A Look Inside FinchDB
At its core, FinchDB is an all in-memory NoSQL, JSON, doc-style database, and a distributed, redundant, fault-tolerant system. Everything in FinchDB is persisted to disk, but all computations are performed on the in-memory image of the data. It can consume data that is structured or unstructured, words or numbers, streaming or static, internal or external.
Lightner highlights among the key patents that enable FinchDB to function as it does the following:
- Compression: This enables its brand of in-memory computing at scale, by dramatically compressing the size of a dataset to as little of 16 percent of its original size while also preserving the ability to decompress a single record or field, in fractions of milliseconds.
- Embedded Models in the Query: This invention ensures that every database query can specify which analytical models and parameters to apply on-the-fly. This intermediates query answers without having to first retrieve data out of the database, he says: “It’s an incredible differentiating feature and contributes to both FinchDB’s lighting fast, true real-time performance and its ability to offer dynamic scoring and ranking in our query responses.”

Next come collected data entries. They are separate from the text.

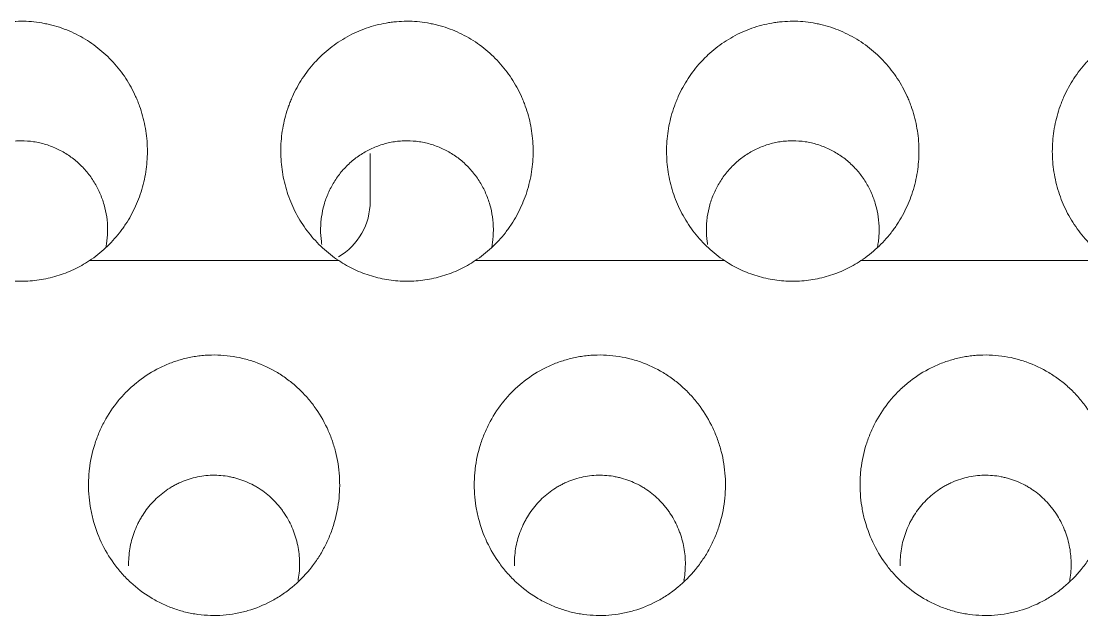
# Model space of a CAD drawing. Header units: millimetres. Extents: x 70151 to 230897, y 35202 to 113211.
# Drawn here: x 178820.71 to 178828.92, y 69174.55 to 69179.15 of the extents above; entities that cross this region are included whole.
import ezdxf

# ---------------------------------------------------------------- set-up
doc = ezdxf.new("R2010")
doc.units = ezdxf.units.MM
doc.header["$LTSCALE"] = 50
doc.layers.add('2-con', color=2, linetype='Continuous')
doc.layers.add('mark-B', color=2, linetype='Continuous', lineweight=20)

# ---------------------------------------------------------------- blocks, each defined once
blk = doc.blocks.new('무풍1WAY 대형')
at = {"layer": 'mark-B'}
blk.add_line((-168.4992, -418.6808), (-168.4992, -418.31), dxfattribs=at)
blk.add_arc((-168.0013, -418.31), 0.4979, 120.55792, 180, dxfattribs=at)
for points, knots in [([(-172.4896, -415.5064), (-172.4511, -415.5593), (-172.4185, -415.6149), (-172.364, -415.731), (-172.3421, -415.7915), (-172.3218, -415.8703), (-172.3181, -415.8862), (-172.3115, -415.9179), (-172.3027, -415.9656), (-172.2936, -416.0455), (-172.2922, -416.1099), (-172.2935, -416.1583), (-172.2943, -416.1745), (-172.2966, -416.2069), (-172.2981, -416.2231), (-172.3077, -416.3036), (-172.3213, -416.3665), (-172.3502, -416.4585), (-172.3613, -416.4888), (-172.3803, -416.5336), (-172.387, -416.5485), (-172.401, -416.5778), (-172.4084, -416.5923), (-172.4468, -416.6634), (-172.4826, -416.7168), (-172.5441, -416.7917), (-172.5659, -416.8158), (-172.6121, -416.862), (-172.6362, -416.8838), (-172.7113, -416.9452), (-172.765, -416.9809), (-172.8514, -417.0265), (-172.8814, -417.0404), (-172.9418, -417.0647), (-173.0031, -417.0858), (-173.0662, -417.1005), (-173.1141, -417.1092), (-173.1303, -417.1116), (-173.1627, -417.1158), (-173.1791, -417.1174), (-173.2608, -417.1235), (-173.3257, -417.1215), (-173.4222, -417.1087), (-173.4542, -417.1027), (-173.5021, -417.0912), (-173.5179, -417.0869), (-173.5493, -417.0777), (-173.5647, -417.0727), (-173.6413, -417.0457), (-173.6999, -417.018), (-173.7698, -416.9759), (-173.7836, -416.9671), (-173.8107, -416.9488), (-173.8505, -416.9205), (-173.9127, -416.8688), (-173.9581, -416.8228), (-173.9905, -416.7865), (-174.0011, -416.7742), (-174.0216, -416.7488), (-174.0316, -416.7359), (-174.0795, -416.6703), (-174.1124, -416.6148), (-174.1536, -416.5273), (-174.166, -416.4973), (-174.188, -416.436), (-174.1975, -416.405), (-174.2215, -416.3113), (-174.2316, -416.2478), (-174.2378, -416.1509), (-174.2384, -416.1182), (-174.2366, -416.0535), (-174.2342, -416.0213), (-174.2225, -415.9256), (-174.2089, -415.8626), (-174.1844, -415.7851), (-174.1791, -415.7696), (-174.1679, -415.7391), (-174.15, -415.694), (-174.1151, -415.6214), (-174.0819, -415.5661), (-174.055, -415.5258), (-174.0456, -415.5125), (-174.0263, -415.4864), (-174.0162, -415.4734), (-173.9645, -415.4103), (-173.9189, -415.3645), (-173.8442, -415.3029), (-173.8182, -415.2835), (-173.7776, -415.2563), (-173.7638, -415.2475), (-173.7356, -415.2307), (-173.7214, -415.2227), (-173.6496, -415.1845), (-173.5897, -415.1601), (-173.5117, -415.1374), (-173.4959, -415.1332), (-173.4641, -415.1257), (-173.448, -415.1224), (-173.3996, -415.1136), (-173.3673, -415.1095), (-173.2702, -415.1022), (-173.2053, -415.1041), (-173.124, -415.1151), (-173.1078, -415.1177), (-173.0757, -415.1238), (-173.0279, -415.1341), (-172.9503, -415.1574), (-172.8902, -415.1823), (-172.846, -415.2034), (-172.8313, -415.2108), (-172.8025, -415.2264), (-172.7884, -415.2346), (-172.7189, -415.2769), (-172.6673, -415.3159), (-172.5957, -415.3822), (-172.5727, -415.4056), (-172.5293, -415.4545), (-172.5088, -415.4799), (-172.4896, -415.5064)], [0, 0, 0, 0, 0.03125, 0.03125, 0.0625, 0.0625, 0.070312, 0.070312, 0.078125, 0.09375, 0.109375, 0.109375, 0.117187, 0.117187, 0.125, 0.125, 0.15625, 0.15625, 0.171875, 0.171875, 0.179687, 0.179687, 0.1875, 0.1875, 0.21875, 0.21875, 0.234375, 0.234375, 0.25, 0.25, 0.28125, 0.28125, 0.296875, 0.296875, 0.3125, 0.328125, 0.328125, 0.335937, 0.335937, 0.34375, 0.34375, 0.375, 0.375, 0.390625, 0.390625, 0.398437, 0.398437, 0.40625, 0.40625, 0.4375, 0.4375, 0.445312, 0.445312, 0.453125, 0.46875, 0.484375, 0.484375, 0.492187, 0.492187, 0.5, 0.5, 0.53125, 0.53125, 0.546875, 0.546875, 0.5625, 0.5625, 0.59375, 0.59375, 0.609375, 0.609375, 0.625, 0.625, 0.65625, 0.65625, 0.664062, 0.664062, 0.671875, 0.6875, 0.703125, 0.703125, 0.710937, 0.710937, 0.71875, 0.71875, 0.75, 0.75, 0.765625, 0.765625, 0.773437, 0.773437, 0.78125, 0.78125, 0.8125, 0.8125, 0.820312, 0.820312, 0.828125, 0.828125, 0.84375, 0.84375, 0.875, 0.875, 0.882812, 0.882812, 0.890625, 0.90625, 0.921875, 0.921875, 0.929687, 0.929687, 0.9375, 0.9375, 0.96875, 0.96875, 0.984375, 0.984375, 1, 1, 1, 1]), ([(-169.502, -415.5064), (-169.4636, -415.5593), (-169.4309, -415.6149), (-169.3764, -415.731), (-169.3546, -415.7915), (-169.3342, -415.8703), (-169.3305, -415.8862), (-169.3239, -415.9179), (-169.3151, -415.9656), (-169.3061, -416.0455), (-169.3047, -416.1099), (-169.3059, -416.1583), (-169.3067, -416.1745), (-169.309, -416.2069), (-169.3106, -416.2231), (-169.3202, -416.3036), (-169.3337, -416.3665), (-169.3627, -416.4585), (-169.3738, -416.4888), (-169.3927, -416.5336), (-169.3994, -416.5485), (-169.4135, -416.5778), (-169.4208, -416.5923), (-169.4592, -416.6634), (-169.4951, -416.7168), (-169.5565, -416.7917), (-169.5783, -416.8158), (-169.6246, -416.862), (-169.6487, -416.8838), (-169.7237, -416.9452), (-169.7775, -416.9809), (-169.8639, -417.0265), (-169.8938, -417.0404), (-169.9542, -417.0647), (-170.0156, -417.0858), (-170.0786, -417.1005), (-170.1266, -417.1092), (-170.1427, -417.1116), (-170.1751, -417.1158), (-170.1915, -417.1174), (-170.2733, -417.1235), (-170.3381, -417.1215), (-170.4346, -417.1087), (-170.4667, -417.1027), (-170.5145, -417.0912), (-170.5304, -417.0869), (-170.5617, -417.0777), (-170.5772, -417.0727), (-170.6538, -417.0457), (-170.7123, -417.018), (-170.7822, -416.9759), (-170.7961, -416.9671), (-170.8232, -416.9488), (-170.863, -416.9205), (-170.9251, -416.8688), (-170.9706, -416.8228), (-171.003, -416.7865), (-171.0135, -416.7742), (-171.0341, -416.7488), (-171.044, -416.7359), (-171.092, -416.6703), (-171.1248, -416.6148), (-171.166, -416.5273), (-171.1784, -416.4973), (-171.2005, -416.436), (-171.21, -416.405), (-171.2339, -416.3113), (-171.244, -416.2478), (-171.2503, -416.1509), (-171.2509, -416.1182), (-171.249, -416.0535), (-171.2466, -416.0213), (-171.235, -415.9256), (-171.2214, -415.8626), (-171.1969, -415.7851), (-171.1916, -415.7696), (-171.1803, -415.7391), (-171.1624, -415.694), (-171.1276, -415.6214), (-171.0944, -415.5661), (-171.0674, -415.5258), (-171.0581, -415.5125), (-171.0387, -415.4864), (-171.0287, -415.4734), (-170.977, -415.4103), (-170.9314, -415.3645), (-170.8567, -415.3029), (-170.8307, -415.2835), (-170.7901, -415.2563), (-170.7762, -415.2475), (-170.7481, -415.2307), (-170.7339, -415.2227), (-170.662, -415.1845), (-170.6021, -415.1601), (-170.5241, -415.1374), (-170.5084, -415.1332), (-170.4766, -415.1257), (-170.4605, -415.1224), (-170.4121, -415.1136), (-170.3797, -415.1095), (-170.2827, -415.1022), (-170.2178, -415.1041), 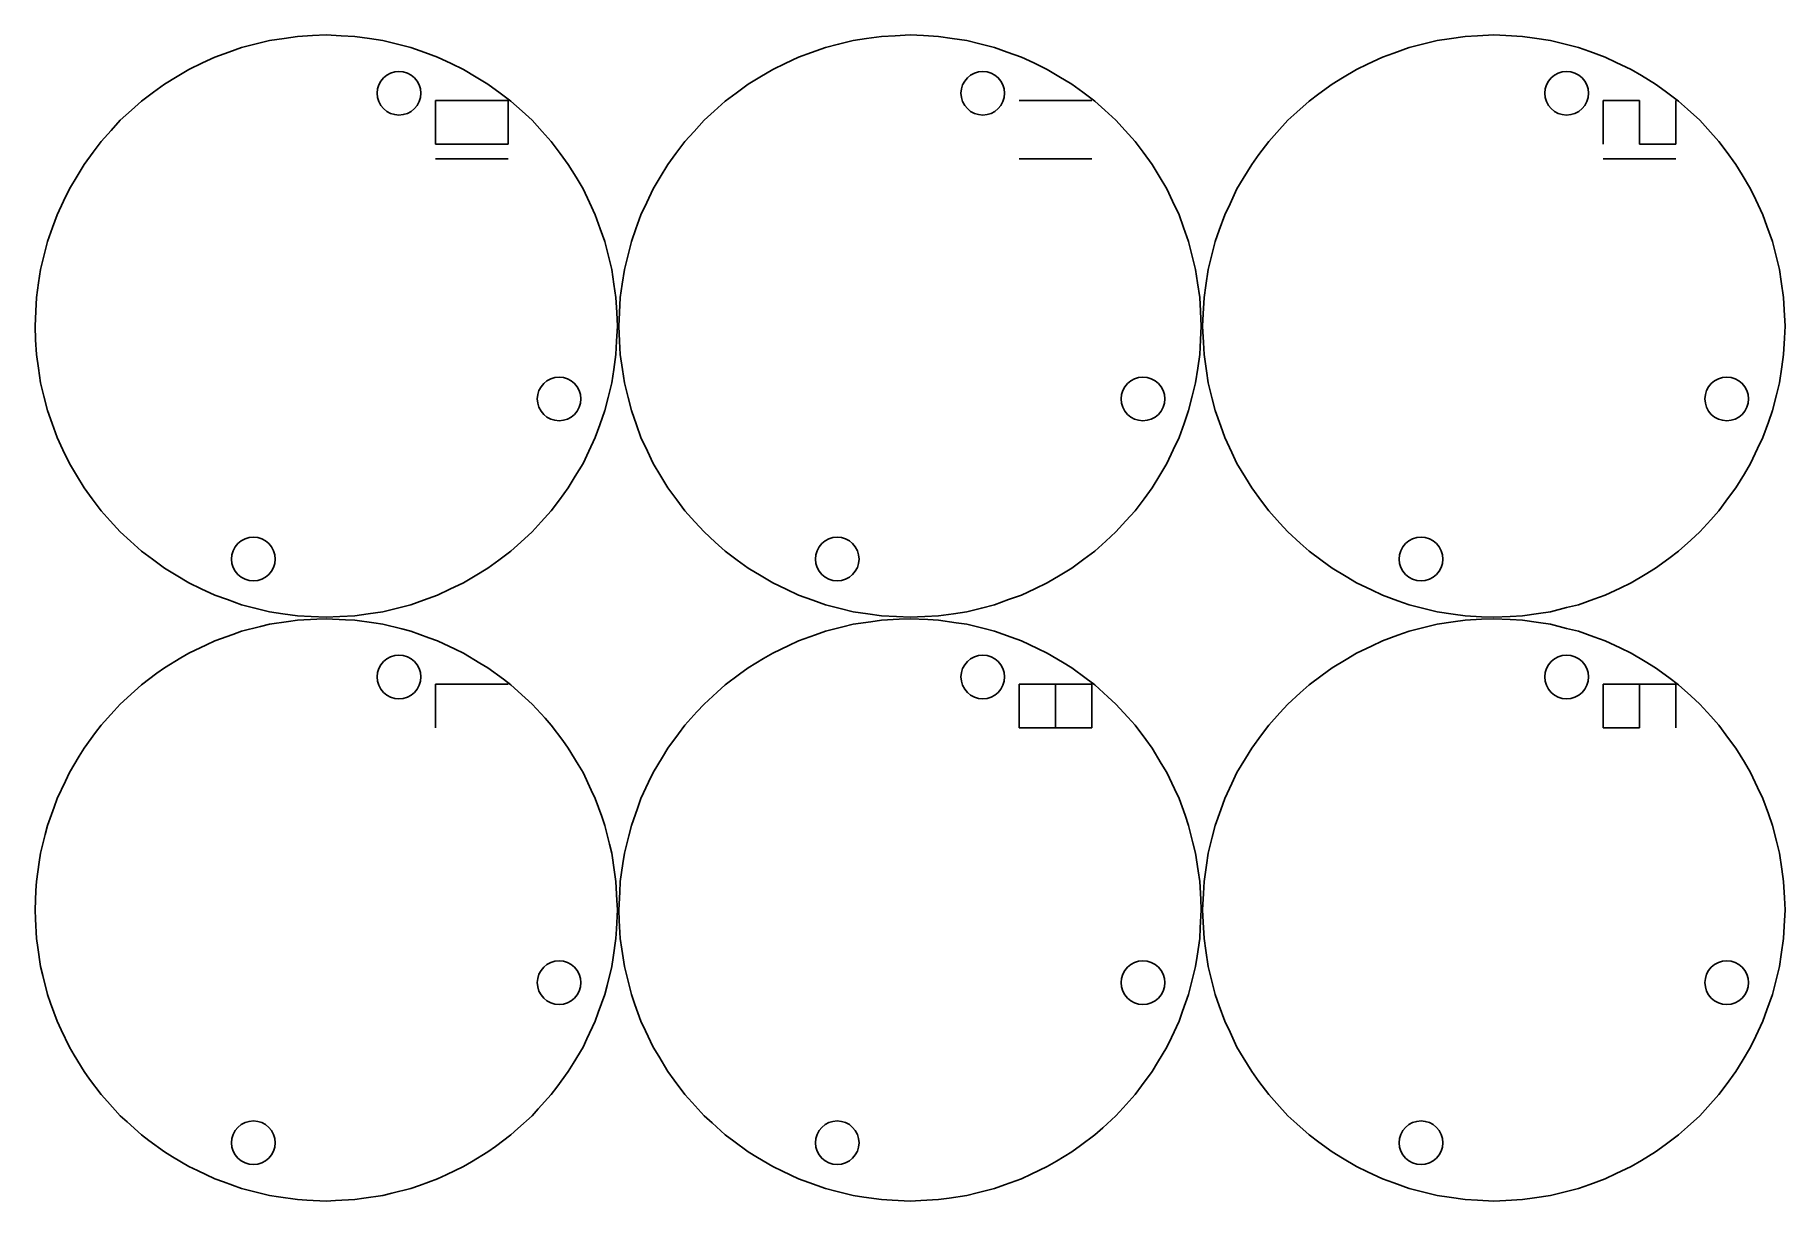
# Model space of a CAD drawing. Extents: x 0 to 240, y 0 to 160.
import ezdxf

# ---------------------------------------------------------------- set-up
doc = ezdxf.new("R2010")
doc.units = 0
doc.layers.add('CUT', color=1, linetype='Continuous')
doc.layers.add('ENGRAVE', color=5, linetype='Continuous')

msp = doc.modelspace()

# ---------------------------------------------------------------- linework, layer by layer
at = {"layer": 'CUT'}
for points in [[(80, 120.2), (79.91, 122.06), (79.81, 124.12), (79.53, 125.97), (79.23, 128), (78.78, 129.81), (78.28, 131.81), (77.65, 133.57), (76.96, 135.51), (76.16, 137.19), (75.28, 139.06), (74.32, 140.66), (73.26, 142.42), (72.15, 143.92), (70.92, 145.58), (69.67, 146.96), (68.28, 148.48), (66.9, 149.74), (65.38, 151.12), (63.88, 152.23), (62.22, 153.46), (60.62, 154.42), (58.86, 155.48), (57.17, 156.27), (55.31, 157.16), (53.55, 157.78), (51.61, 158.48), (49.8, 158.93), (47.8, 159.43), (45.96, 159.71), (43.92, 160.01), (42.06, 160.1), (40, 160.2), (38.14, 160.11), (36.08, 160.01), (34.23, 159.73), (32.2, 159.43), (30.39, 158.98), (28.39, 158.48), (26.63, 157.85), (24.69, 157.16), (23.01, 156.36), (21.14, 155.48), (19.54, 154.52), (17.78, 153.46), (16.28, 152.35), (14.62, 151.12), (13.24, 149.87), (11.72, 148.48), (10.46, 147.1), (9.08, 145.58), (7.97, 144.08), (6.74, 142.42), (5.78, 140.82), (4.72, 139.06), (3.93, 137.37), (3.04, 135.51), (2.42, 133.75), (1.72, 131.81), (1.27, 130), (0.77, 128), (0.49, 126.16), (0.19, 124.12), (0.1, 122.26), (0, 120.2), (0.09, 118.34), (0.19, 116.28), (0.47, 114.43), (0.77, 112.4), (1.22, 110.59), (1.72, 108.59), (2.35, 106.83), (3.04, 104.89), (3.84, 103.21), (4.72, 101.34), (5.68, 99.74), (6.74, 97.98), (7.85, 96.48), (9.08, 94.82), (10.33, 93.44), (11.72, 91.92), (13.1, 90.66), (14.62, 89.28), (16.12, 88.17), (17.78, 86.94), (19.38, 85.98), (21.14, 84.92), (22.83, 84.13), (24.69, 83.24), (26.45, 82.62), (28.39, 81.92), (30.2, 81.47), (32.2, 80.97), (34.04, 80.69), (36.08, 80.39), (37.94, 80.3), (40, 80.2), (41.86, 80.29), (43.92, 80.39), (45.77, 80.67), (47.8, 80.97), (49.61, 81.42), (51.61, 81.92), (53.37, 82.55), (55.31, 83.24), (56.99, 84.04), (58.86, 84.92), (60.46, 85.88), (62.22, 86.94), (63.72, 88.05), (65.38, 89.28), (66.76, 90.53), (68.28, 91.92), (69.54, 93.3), (70.92, 94.82), (72.03, 96.32), (73.26, 97.98), (74.22, 99.58), (75.28, 101.34), (76.07, 103.03), (76.96, 104.89), (77.58, 106.65), (78.28, 108.59), (78.73, 110.4), (79.23, 112.4), (79.51, 114.24), (79.81, 116.28), (79.9, 118.14)], [(160.2, 120.2), (160.1, 122.26), (160.01, 124.12), (159.71, 126.16), (159.43, 128), (158.93, 130), (158.48, 131.81), (157.78, 133.75), (157.16, 135.51), (156.27, 137.37), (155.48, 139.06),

- Real-time, On-The-Fly Entity Linking: Its in-memory computing architecture coupled with its ability to process all relevant, contextual data around an entity make it capable of instantly finding connections in the data and performing real-time knowledge discovery and Machine Learning so that it gets smarter and better the more data it ingests.
- Scored and Ranked Results: FinchDB uniquely offers these based on a real-time picture of the data, at the moment a user queries it. At that moment, he explains, FinchDB analyzes all possible answers and returns the best ones to a user, along with a confidence score for each.
- Fuzzy Searching: FinchDB allows a user to perform fuzzy searches and to find exactly what they’re looking for, whether or not they’ve spelled it exactly right, or have the exact right information to build a query.
Lightner says that Finch is working with development partners in various use cases. That includes banks using FinchDB for fraud detection and for understanding criminal networks on the dark web; information service providers using it to mine and enrich their content libraries as they change and are updated with new information; marketers using it as recommendation engines to serve up personalized, real-time ad content; and, the U.S. intelligence community, using it to identify and disambiguate entities in streaming text. Finch also is using it internally on a proof of concept project to deliver better, more relevant news alerts, since it’s capable of on-the-fly, real-time knowledge discovery.
Finch for Text, a separate solution from Finch Computing to turn unstructured text into structured, descriptive information about that text to make it more usable in the enterprise, also uses the computing power of FinchDB to algorithmically determine what is in the text, he says. It can disambiguate identically named entities in text – such as whether a piece of content is talking about John Roberts the Supreme Court Justice, or John Roberts the Fox News anchor. It “understands context and can quickly and accurately isolate 15 different types of entities and correctly determine their identities. Our unique approach to doing that is also part of our IP portfolio,” he says.
FinchDB, says Lightner, is ready to change the “prescribed views about what in-memory computing database technology ought to do. And, similarly, about what analytics and search technologies ought to do for us.”